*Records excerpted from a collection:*
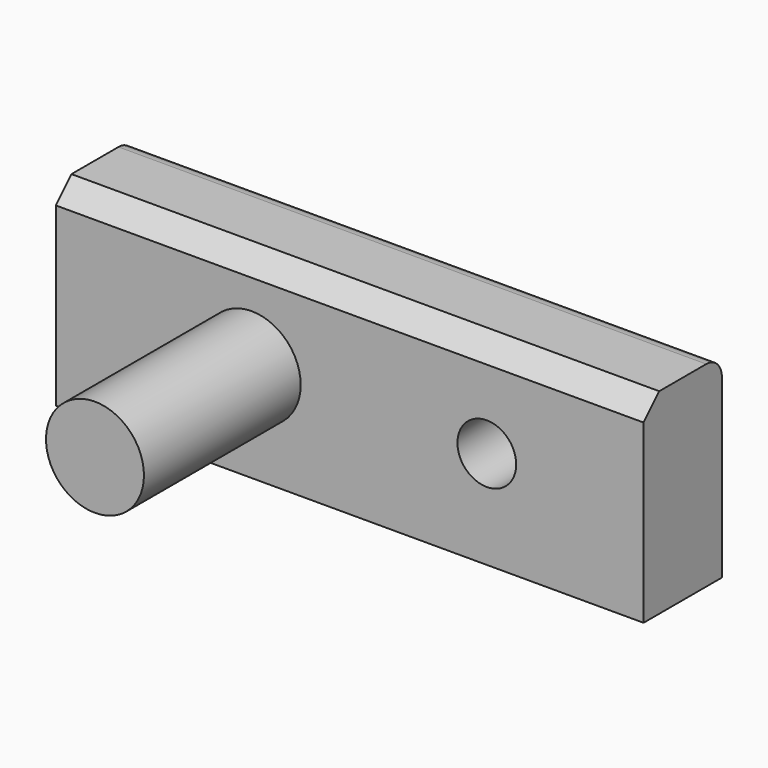
from build123d import *

# Parameters (mm, degrees)
F0_W     = 30
F0_H     = 10
F1_DEPTH = 5
F2_R     = 2.5
F3_DEPTH = 10
F4_R     = 1.5
F5_DEPTH = 5.001
F6_SIZE  = 1
F7_R     = 1


# Not quite as in the source:
# - a feature names something its author has since deleted; it is built from what else it names


with BuildPart() as f1:
    # F0 (on Front) → F1 (new body)
    with BuildSketch(Plane.XZ):
        with Locations((15, 10.7978725549)):
            Rectangle(F0_W, F0_H)
    extrude(amount=F1_DEPTH)

    # F2 (on face) → F3 (join)
    with BuildSketch(Plane.XZ.offset(5)):
        with Locations((10, 10.7978725549)):
            Circle(F2_R)
    extrude(amount=F3_DEPTH)

    # F4 (on face) → F5 (cut, through all)
    with BuildSketch(Plane.XZ.offset(5)):
        with Locations((22, 10.7978725549)):
            Circle(F4_R)
    extrude(amount=-F5_DEPTH, mode=Mode.SUBTRACT)

    # F6
    f6_edges = [f1.edges().sort_by_distance(p)[0] for p in [
        (15, -5, 15.797873),
    ]]
    chamfer(f6_edges, length=F6_SIZE)

    # F7
    f7_edges = [f1.edges().sort_by_distance(p)[0] for p in [
        (15, 0, 15.797873),
    ]]
    fillet(f7_edges, radius=F7_R)


solid = f1.part

*Directions for this task:* Your copy of the entries must be exact and must not include any of their pictures.

*Your solution:*
from build123d import *

# Parameters (mm, degrees)
F0_W     = 30
F0_H     = 10
F1_DEPTH = 5
F2_R     = 2.5
F3_DEPTH = 10
F4_R     = 1.5
F5_DEPTH = 5.001
F6_SIZE  = 1
F7_R     = 1


# Not quite as in the source:
# - a feature names something its author has since deleted; it is built from what else it names


with BuildPart() as f1:
    # F0 (on Front) → F1 (new body)
    with BuildSketch(Plane.XZ):
        with Locations((15, 10.7978725549)):
            Rectangle(F0_W, F0_H)
    extrude(amount=F1_DEPTH)

    # F2 (on face) → F3 (join)
    with BuildSketch(Plane.XZ.offset(5)):
        with Locations((10, 10.7978725549)):
            Circle(F2_R)
    extrude(amount=F3_DEPTH)

    # F4 (on face) → F5 (cut, through all)
    with BuildSketch(Plane.XZ.offset(5)):
        with Locations((22, 10.7978725549)):
            Circle(F4_R)
    extrude(amount=-F5_DEPTH, mode=Mode.SUBTRACT)

    # F6
    f6_edges = [f1.edges().sort_by_distance(p)[0] for p in [
        (15, -5, 15.797873),
    ]]
    chamfer(f6_edges, length=F6_SIZE)

    # F7
    f7_edges = [f1.edges().sort_by_distance(p)[0] for p in [
        (15, 0, 15.797873),
    ]]
    fillet(f7_edges, radius=F7_R)


solid = f1.part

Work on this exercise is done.